● WORK REQUEST
Without the pictures, give every record again exactly.

● MATERIAL FOR THE TASK

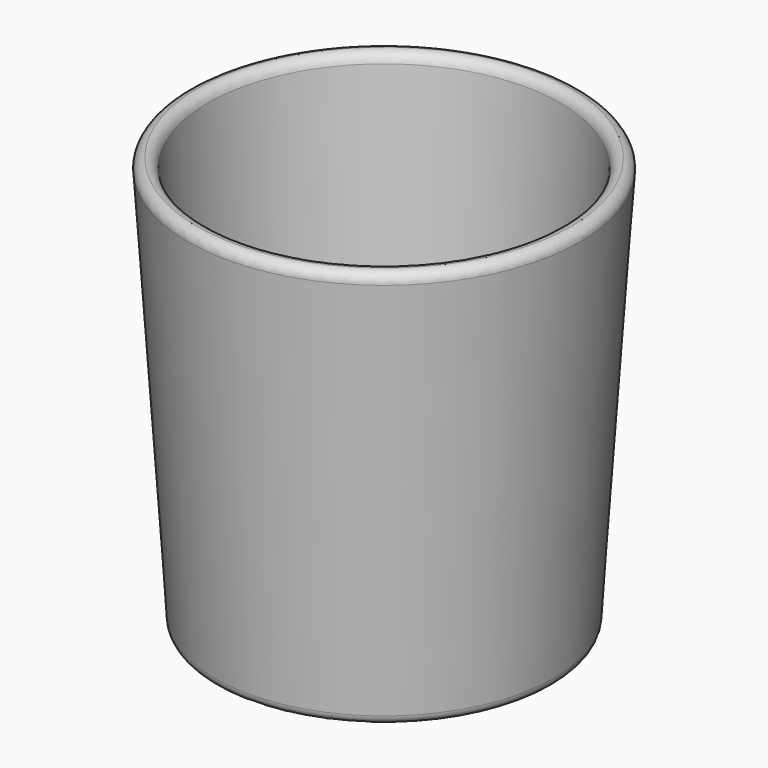
from build123d import *

# Parameters (mm, degrees)
F2_R = 2.4999


# Not quite as in the source:
# - a fillet or chamfer is up to 0.001 mm smaller than in the source, because OpenCascade refuses the exact size


with BuildPart() as f1:
    # F0 (on Front) → F1 (revolve)
    with BuildSketch(Plane.XZ):
        Polygon((0, 5), (0, 0), (42.9963162733, 0), (50, 104.666174073), (45.0111564215, 105), (38.3197073562, 5), align=None)
    revolve(axis=Axis((0, 0, 2.5), (0, 0, -1)))

    # F2 (radius 2.5 in the source; OpenCascade refuses exactly that, so slightly less here)
    f2_edges = [f1.edges().sort_by_distance(p)[0] for p in [
        (-50, 0, 104.666174),
        (-45.011156, 0, 105),
        (-42.996316, 0, 0),
        (-38.319707, 0, 5),
    ]]
    fillet(f2_edges, radius=F2_R)


solid = f1.part

● WRITTEN SOLUTION
from build123d import *

# Parameters (mm, degrees)
F2_R = 2.4999


# Not quite as in the source:
# - a fillet or chamfer is up to 0.001 mm smaller than in the source, because OpenCascade refuses the exact size


with BuildPart() as f1:
    # F0 (on Front) → F1 (revolve)
    with BuildSketch(Plane.XZ):
        Polygon((0, 5), (0, 0), (42.9963162733, 0), (50, 104.666174073), (45.0111564215, 105), (38.3197073562, 5), align=None)
    revolve(axis=Axis((0, 0, 2.5), (0, 0, -1)))

    # F2 (radius 2.5 in the source; OpenCascade refuses exactly that, so slightly less here)
    f2_edges = [f1.edges().sort_by_distance(p)[0] for p in [
        (-50, 0, 104.666174),
        (-45.011156, 0, 105),
        (-42.996316, 0, 0),
        (-38.319707, 0, 5),
    ]]
    fillet(f2_edges, radius=F2_R)


solid = f1.part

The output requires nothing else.